But it is not just the business environment that is changing. The corporate organisation is also being transformed. Concepts such as team-building, flatter hierarchies and increased focus on the customer are having a profound effect.
Even senior executives are seeing their roles alter. Of particular importance are the perceived changes in the job description of the finance director. Until recently the position was associated almost exclusively with number-crunching and controls.
However, a recent report co-written by Sir Geoffrey Owen, former editor of the Financial Times, suggests that there has been a trend towards 'becoming part of a management team, concerned to add value and to stimulate change'.
The working title for the study carried out for the Board for Chartered Accountants in Business by the Interdisciplinary Institute of management at the London School of Economics was Dinosaur or Dynamo? But according to Sir Geoffrey, who wrote the report with Peter Abell and with the assistance of Mike Cranna, a more appropriate title might have been Watchdog or Entrepreneur? In fact, the work appears under the typically non-committal heading The Changing Role of the Finance Director, though the findings are not as dull as that suggests.
Although a number of trends emerge, the results of the survey of more than 1,000 finance directors carried out during the summer also reveal many shades of opinion. As Sir Geoffrey told a debate on the paper at Chartered Accountants Hall last month, there were 'a few comments that the road to Carey Street is littered with entrepreneurial finance directors'. But there was a recognition that they needed to become more entrepreneurial and think more commercially.
Besides the main finding that the finance director was becoming more 'pro-active', the study also stressed the central importance of the finance director in the company - often second only to the chief executive - and the part played in decision-making.
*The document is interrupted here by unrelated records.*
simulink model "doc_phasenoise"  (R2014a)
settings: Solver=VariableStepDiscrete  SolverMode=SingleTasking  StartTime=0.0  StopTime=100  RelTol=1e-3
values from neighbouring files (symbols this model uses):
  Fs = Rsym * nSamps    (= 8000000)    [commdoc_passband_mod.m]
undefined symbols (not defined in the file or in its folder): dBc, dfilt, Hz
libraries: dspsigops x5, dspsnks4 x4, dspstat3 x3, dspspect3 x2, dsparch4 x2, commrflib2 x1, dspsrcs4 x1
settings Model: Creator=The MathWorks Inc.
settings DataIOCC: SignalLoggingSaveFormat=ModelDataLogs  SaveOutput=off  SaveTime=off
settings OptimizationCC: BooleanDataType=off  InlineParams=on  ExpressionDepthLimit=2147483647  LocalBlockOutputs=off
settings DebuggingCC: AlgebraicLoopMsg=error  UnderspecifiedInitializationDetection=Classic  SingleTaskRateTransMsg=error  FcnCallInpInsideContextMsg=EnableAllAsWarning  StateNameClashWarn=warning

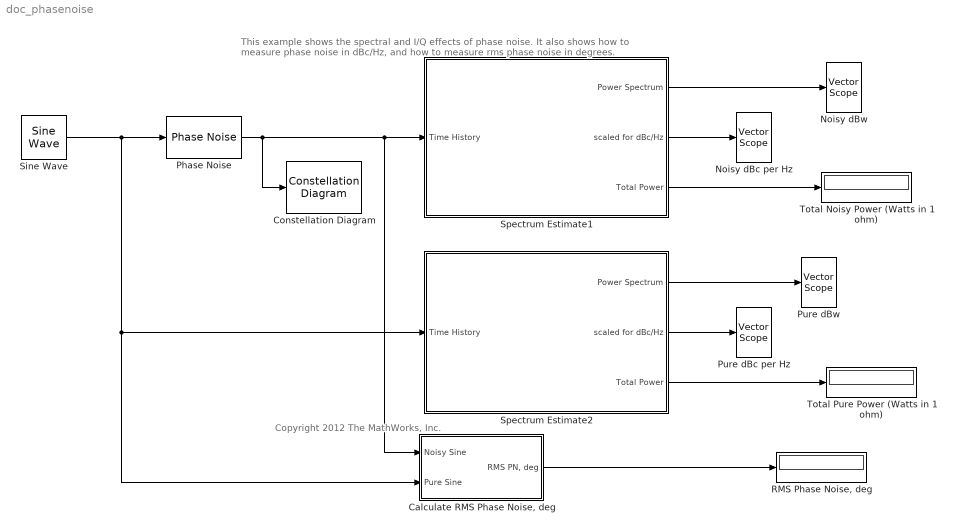
== system doc_phasenoise ==
  note: This example shows the spectral and I/Q effects of phase noise.
      | It also shows how to measure phase noise in dBc/Hz, and
      | how to measure rms phase noise in degrees.
  note: Copyright 2012 The MathWorks, Inc.
  "Calculate RMS Phase Noise, deg" : Subsystem
  Constellation Diagram : ConstellationDiagram  Tag=ScatterPlot
  Noisy dBc per Hz : dspsnks4/Vector Scope  ScopeProperties=on  Domain=Frequency  HorizSpan=1  DisplayProperties=off  AxisGrid=on  Memory=off  FrameNumber=on  AxisLegend=off  AxisZoom=off  OpenScopeAtSimStart=on  OpenScopeImmediately=off  FigPos=[422 54 363 235]  AxisProperties=off  XUnits=Hertz  XRange=[-Fs/2...Fs/2]  InheritXIncr=on  XIncr=1/8192  XLabel=Time  XLimit=Auto  XMin=-512  XMax=512  XStart=0  YUnits=dB  YLabel=dBc/Hz  LineProperties=off  XAxisParamsVer=6.9
      settings: YMin=-150  YMax=10
  Noisy dBw : dspsnks4/Vector Scope  ScopeProperties=on  Domain=Frequency  HorizSpan=1  DisplayProperties=off  AxisGrid=on  Memory=off  FrameNumber=on  AxisLegend=off  AxisZoom=off  OpenScopeAtSimStart=on  OpenScopeImmediately=off  FigPos=[17 53 386 235]  AxisProperties=off  XUnits=Hertz  XRange=[-Fs/2...Fs/2]  InheritXIncr=on  XIncr=1  XLabel=Time  XLimit=Auto  XMin=-512  XMax=512  XStart=0  YUnits=dB  YLabel=dBw  LineProperties=off  XAxisParamsVer=6.9
      settings: YMin=-100  YMax=10
  Phase Noise : commrflib2/Phase Noise  PhNs=[-60 -80]  Fo=[20 200]  Fs=8192  seed=2137
      settings: AttributesFormatString=\n
  Pure dBc per Hz : dspsnks4/Vector Scope  ScopeProperties=on  Domain=Frequency  HorizSpan=1  DisplayProperties=off  AxisGrid=on  Memory=off  FrameNumber=on  AxisLegend=off  AxisZoom=off  OpenScopeAtSimStart=on  OpenScopeImmediately=off  FigPos=[418 437 367 238]  AxisProperties=off  XUnits=Hertz  XRange=[-Fs/2...Fs/2]  InheritXIncr=on  XIncr=1  XLabel=Time  XLimit=Auto  XMin=-512  XMax=512  XStart=0  YUnits=dB  YLabel=dBc/Hz  LineProperties=off  XAxisParamsVer=6.9
      settings: YMin=-402.0216  YMax=8.0015
  Pure dBw : dspsnks4/Vector Scope  ScopeProperties=on  Domain=Frequency  HorizSpan=1  DisplayProperties=off  AxisGrid=on  Memory=off  FrameNumber=on  AxisLegend=off  AxisZoom=off  OpenScopeAtSimStart=on  OpenScopeImmediately=off  FigPos=[14 435 385 241]  AxisProperties=off  XUnits=Hertz  XRange=[-Fs/2...Fs/2]  InheritXIncr=on  XIncr=1  XLabel=Time  XLimit=Auto  XMin=-512  XMax=512  XStart=0  YUnits=dB  YLabel=dBw  LineProperties=off  XAxisParamsVer=6.9
      settings: YMin=-400.2607  YMax=9.7625
  "RMS Phase Noise, deg" : Display
  Sine Wave : dspsrcs4/Sine Wave  Amplitude=1  Frequency=128  Phase=pi/8  SampleMode=Discrete  OutComplex=Complex  CompMethod=Trigonometric fcn  TableSize=Speed  SampleTime=1/8192  SamplesPerFrame=1024  ResetState=Restart at time zero  dataType=double  wordLen=16  udDataType=sfix(16)  fracBitsMode=Best precision  numFracBits=15  OutDataTypeStr=double  LastOutDataTypeStr=double
  Spectrum Estimate1 : Subsystem  mask{Frame=1024, Navg=400}
      mask prompts: Frame "Frame Size"
      mask Display:
      | disp('Power Spectrum \n Estimate')
      | port_label('input',1,'y(t)');
      | port_label('output',1,'Power Spectrum')
      | port_label('output',2,'Scaled for dBc/Hz')
      | port_label('output',3','Total Power');
  Spectrum Estimate2 : Subsystem  mask{Frame=1024, Navg=400}
      mask prompts: Frame "Frame Size"
      mask Display:
      | disp('Power Spectrum \n Estimate')
      | port_label('input',1,'y(t)');
      | port_label('output',1,'Power Spectrum')
      | port_label('output',2,'Scaled for dBc/Hz')
      | port_label('output',3','Total Power');
  Total Noisy Power (Watts in 1 ohm) : Display
  Total Pure Power (Watts in 1 ohm) : Display
  wires:
  Sine Wave/1 -> Phase Noise/1, Spectrum Estimate2/1(Time History), "Calculate RMS Phase Noise, deg"/2(Pure Sine)
  Phase Noise/1 -> Spectrum Estimate1/1(Time History), "Calculate RMS Phase Noise, deg"/1(Noisy Sine), Constellation Diagram/1
  Spectrum Estimate1/1(Power Spectrum) -> Noisy dBw/1
  Spectrum Estimate1/2(scaled for dBc/Hz) -> Noisy dBc per Hz/1
  Spectrum Estimate1/3(Total Power) -> Total Noisy Power (Watts in 1 ohm)/1
  Spectrum Estimate2/1(Power Spectrum) -> Pure dBw/1
  Spectrum Estimate2/2(scaled for dBc/Hz) -> Pure dBc per Hz/1
  Spectrum Estimate2/3(Total Power) -> Total Pure Power (Watts in 1 ohm)/1
  "Calculate RMS Phase Noise, deg"/1("RMS PN, deg") -> "RMS Phase Noise, deg"/1

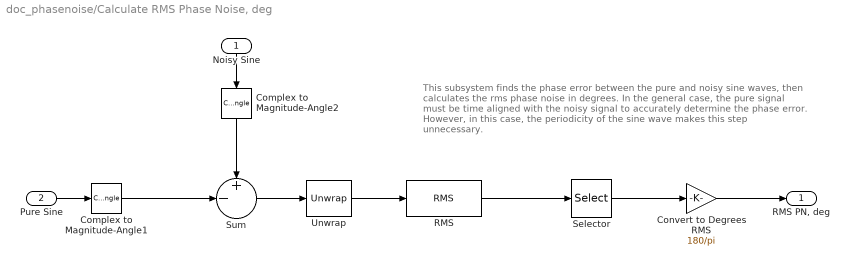
== system doc_phasenoise/Calculate RMS Phase Noise, deg ==
  note: This subsystem finds the phase error between the pure and noisy sine waves,
      | then calculates the rms phase noise in degrees.  In the general case, the
      | pure signal must be time aligned with the noisy signal to accurately determine
      | the phase error.  However, in this case, the periodicity of the sine wave makes
      | this step unnecessary.
  Noisy Sine : Inport
  Pure Sine : Inport  Port=2
  Complex to Magnitude-Angle1 : ComplexToMagnitudeAngle  Output=Angle
  Complex to Magnitude-Angle2 : ComplexToMagnitudeAngle  Output=Angle
  Convert to Degrees RMS : Gain  Gain=180/pi
  RMS : dspstat3/RMS  run=on  reset_popup=None  InputProcessing=Columns as channels (frame based)  directionMode=Each column  dimension=1  treatSBRowAsCol=on
  Selector : Selector  NumberOfDimensions=2  InputPortWidth=3  IndexOptions=Index vector (dialog),Index vector (dialog)  Indices=1024,1  OutputSizes=1,1
  Sum : Sum  Inputs=+-|
  Unwrap : dspsigops/Unwrap  tol=pi  InputProcessing=Columns as channels (frame based)  running=off
  "RMS PN, deg" : Outport
  wires:
  Sum/1 -> Unwrap/1
  RMS/1 -> Selector/1
  Selector/1 -> Convert to Degrees RMS/1
  Complex to Magnitude-Angle1/1 -> Sum/2
  Complex to Magnitude-Angle2/1 -> Sum/1
  Noisy Sine/1 -> Complex to Magnitude-Angle2/1
  Pure Sine/1 -> Complex to Magnitude-Angle1/1
  Convert to Degrees RMS/1 -> "RMS PN, deg"/1
  Unwrap/1 -> RMS/1

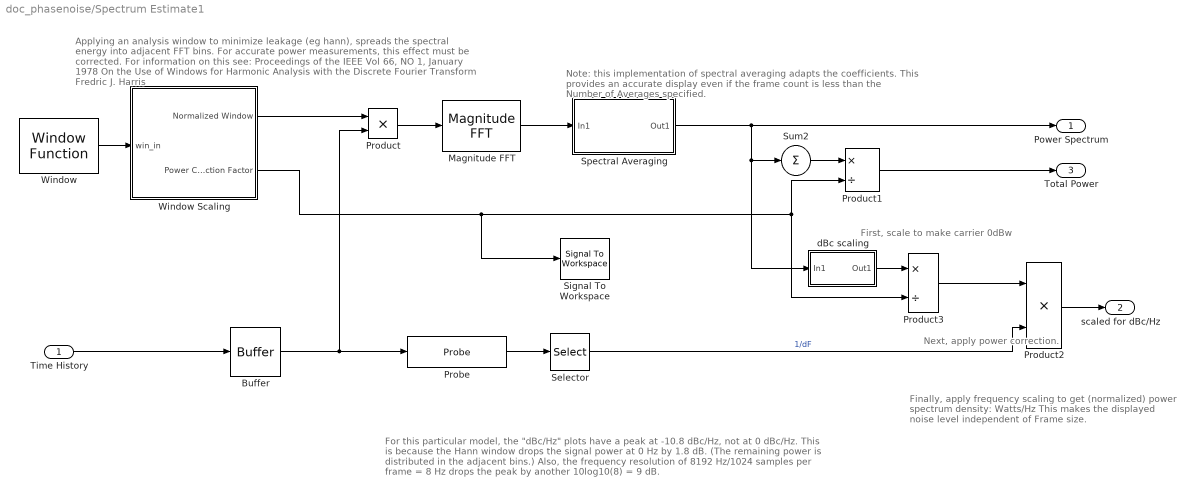
== system doc_phasenoise/Spectrum Estimate1 ==
  note: For this particular model, the "dBc/Hz" plots have a peak at -10.8 dBc/Hz, not
      | at 0 dBc/Hz.  This is because the Hann window drops the signal power at 0 Hz by 1.8 dB.
      | (The remaining power is distributed in the adjacent bins.)  Also, the frequency resolution
      | of 8192 Hz/1024 samples per frame = 8 Hz drops the peak by another 10log10(8) = 9 dB.
  note: Applying an analysis window to minimize leakage (eg hann),
      | spreads the spectral energy into adjacent FFT bins.
      | For accurate power measurements, this effect must be corrected.
      | For information on this see:
      | Proceedings of the IEEE Vol 66, NO 1, January 1978
      | On the Use of Windows for Harmonic Analysis with the Discrete Fourier Transform
      | Fredric J. Harris
  note: Next, apply power correction.
  note: First, scale to make carrier 0dBw
  note: Note: this implementation of spectral averaging adapts the coefficients.
      | This provides an accurate display even if the frame
      | count is less than the Number of Averages specified.
  note: Finally, apply frequency scaling
      | to get (normalized) power spectrum density: Watts/Hz
      | This makes the displayed noise level independent
      | of Frame size.
  Time History : Inport
  Buffer : Buffer  N=Frame  TreatMby1Signals=One channel
  Magnitude FFT : dspspect3/Magnitude FFT  mag_or_magsq=Magnitude squared  FFTImplementation=Auto  fftLenInherit=on  fftsize=fftsize  WrapInput=on
  Probe : Probe  ProbeWidth=off  ProbeComplexSignal=off  ProbeWidthDataType=single  ProbeSampleTimeDataType=single
  Product : Product  RndMeth=Zero
  Product1 : Product  Inputs=*/  RndMeth=Zero
  Product2 : Product  Inputs=**  RndMeth=Zero
  Product3 : Product  Inputs=*/  RndMeth=Zero
  Selector : Selector  InputPortWidth=2  Indices=[1]
  Signal To Workspace : SignalToWorkspace  VariableName=pwr_corr
      settings: CopyFcn=dspblkcopystw(gcbh);
  Spectral Averaging : Subsystem  mask{Navg=Navg}
      mask Display: disp('Spectral Averaging')
  Sum2 : Sum  Inputs=+
  Window : dspsigops/Window Function  winmode=Generate window  wintype=Hann  sampmode=Discrete  samptime=inf  N=Frame  Rs=60  beta=1  winsamp=Periodic  UserWindow=hamming  OptParams=off  UserParams={1.0}  RowConvenienceOn=on  dataType=double  isSigned=on  wordLen=16  udDataType=sfix(16)  fracBitsMode=Best precision  numFracBits=15  roundingMode=Floor  overflowMode=off  numSidelobes=4  sidelobeLevel=-30
      settings: additionalParams=on
  Window Scaling : Subsystem
  dBc scaling : Subsystem
  Power Spectrum : Outport
  scaled for dBc/Hz : Outport  Port=2
  Total Power : Outport  Port=3
  wires:
  Product3/1 -> Product2/1
  dBc scaling/1(Out1) -> Product3/1
  Window/1 -> Window Scaling/1(win_in)
  Window Scaling/1(Normalized Window) -> Product/1
  Buffer/1 -> Product/2, Probe/1
  Selector/1 -> Product2/2  "1/dF"
  Product2/1 -> scaled for dBc/Hz/1
  Probe/1 -> Selector/1
  Time History/1 -> Buffer/1
  Spectral Averaging/1(Out1) -> dBc scaling/1(In1), Sum2/1, Power Spectrum/1
  Product1/1 -> Total Power/1
  Sum2/1 -> Product1/1
  Window Scaling/2(Power Correction Factor) -> Product1/2, Product3/2, Signal To Workspace/1
  Magnitude FFT/1 -> Spectral Averaging/1(In1)
  Product/1 -> Magnitude FFT/1

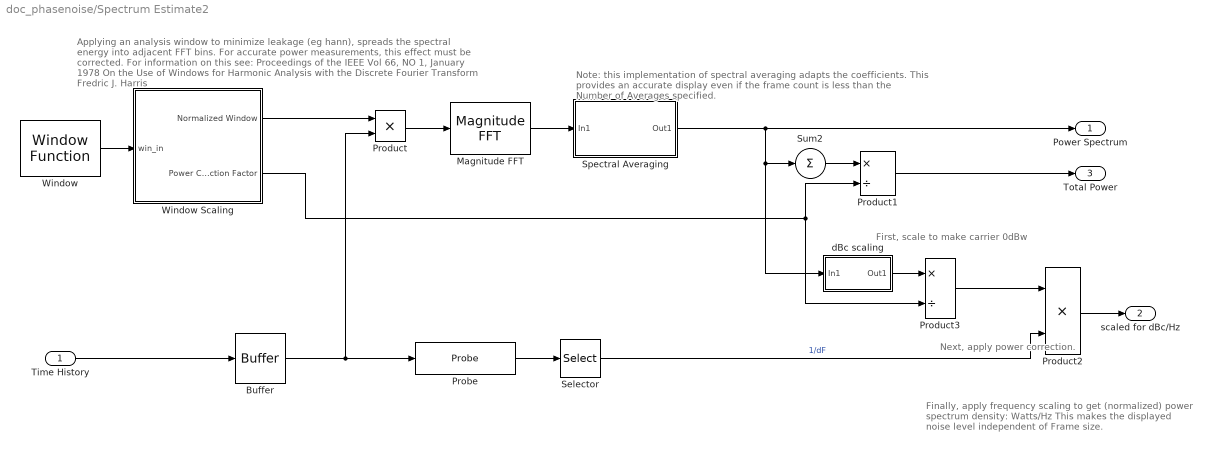
== system doc_phasenoise/Spectrum Estimate2 ==
  note: Finally, apply frequency scaling
      | to get (normalized) power spectrum density: Watts/Hz
      | This makes the displayed noise level independent
      | of Frame size.
  note: Note: this implementation of spectral averaging adapts the coefficients.
      | This provides an accurate display even if the frame
      | count is less than the Number of Averages specified.
  note: First, scale to make carrier 0dBw
  note: Next, apply power correction.
  note: Applying an analysis window to minimize leakage (eg hann),
      | spreads the spectral energy into adjacent FFT bins.
      | For accurate power measurements, this effect must be corrected.
      | For information on this see:
      | Proceedings of the IEEE Vol 66, NO 1, January 1978
      | On the Use of Windows for Harmonic Analysis with the Discrete Fourier Transform
      | Fredric J. Harris
  Time History : Inport
  Buffer : Buffer  N=Frame  TreatMby1Signals=One channel
  Magnitude FFT : dspspect3/Magnitude FFT  mag_or_magsq=Magnitude squared  FFTImplementation=Auto  fftLenInherit=on  fftsize=fftsize  WrapInput=on
  Probe : Probe  ProbeWidth=off  ProbeComplexSignal=off  ProbeWidthDataType=single  ProbeSampleTimeDataType=single
  Product : Product  RndMeth=Zero
  Product1 : Product  Inputs=*/  RndMeth=Zero
  Product2 : Product  Inputs=**  RndMeth=Zero
  Product3 : Product  Inputs=*/  RndMeth=Zero
  Selector : Selector  InputPortWidth=2  Indices=[1]
  Spectral Averaging : Subsystem  mask{Navg=Navg}
      mask Display: disp('Spectral Averaging')
  Sum2 : Sum  Inputs=+
  Window : dspsigops/Window Function  winmode=Generate window  wintype=Hann  sampmode=Discrete  samptime=inf  N=Frame  Rs=60  beta=1  winsamp=Periodic  UserWindow=hamming  OptParams=off  UserParams={1.0}  RowConvenienceOn=on  dataType=double  isSigned=on  wordLen=16  udDataType=sfix(16)  fracBitsMode=Best precision  numFracBits=15  roundingMode=Floor  overflowMode=off  numSidelobes=4  sidelobeLevel=-30
      settings: additionalParams=on
  Window Scaling : Subsystem
  dBc scaling : Subsystem
  Power Spectrum : Outport
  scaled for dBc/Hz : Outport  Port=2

The job is, it is believed, becoming more complex and demanding, partly as a result of the need for fast change created by increased competition. But it is also the result of other developments, such as the corporate governance requirements brought about by the Cadbury Report and accounting regulation, making the traditional watchdog role more onerous.
In the debate with Sir Geoffrey, Peter MacFarlane, finance director of Allied-Lyons, added his voice to the widespread concern among accountants about the growth of regulation. He said he spent a lot of time on investor relations, strategy and planning as well as keeping an eye on controls, thus lending some support to another finding, that the various pressures are creating conflicts and tensions.
To judge from questions from the floor, they will pose problems for accountancy bodies. For, while some employers have recently swung back to the chartered accountant qualification in preference to the MBA, there is evidence that the training is not regarded as sufficient preparation for this enhanced role. Even Phil Armitage, head of training at the Institute of Chartered Accountants in England and Wales, acknowledged that the changes recently announced by the ICAEW and the Chartered Institute of Management Accountants would not alone deal with this.
Both the report and the debate gave significant support to the view that the best qualification for the new finance director role was an accountancy qualification for the necessary financial background followed by an MBA for wider business sense.
In the meantime, those already in the job have to be constantly aware of fresh developments in any number of areas that could have an impact on them.
The LSE report draws attention to the growing recognition of the need to combine financial performance measures with other indicators, such as manufacturing efficiency, customer satisfaction and product innovation. To the layman, though, the impetus for this is perhaps coming from an odd direction. Most leading accountancy firms are developing their own methods of dealing with this approach to assessing corporate success.
But perhaps the best known is the 'balanced scorecard' produced by Harvard Business School's Robert Kaplan and David Norton, who suggest that financial targets should be just part of a broader set of objectives. 'While traditional financial measures report on what happened last period without indicating how managers can improve in the next, the scorecard functions as the cornerstone of a company's current and future success,' the pair claimed recently in the Harvard Business Review.
With the Institute of Chartered Accountants of Scotland, for instance, seeking to build on the accountancy firms' efforts in this area, it is not beyond the bounds of possibility that auditors and others with financial training will accept wider measures of corporate prosperity. So the traditionally trained finance director stands to assume even greater importance.
Then again, this concept could just be a passing fashion. What is more certain is that the notion of the finance department as an 'aloof, authoritarian' part of the company charged with checking and reporting on other people's activities, is being consigned to the past in favour of something more participatory and open.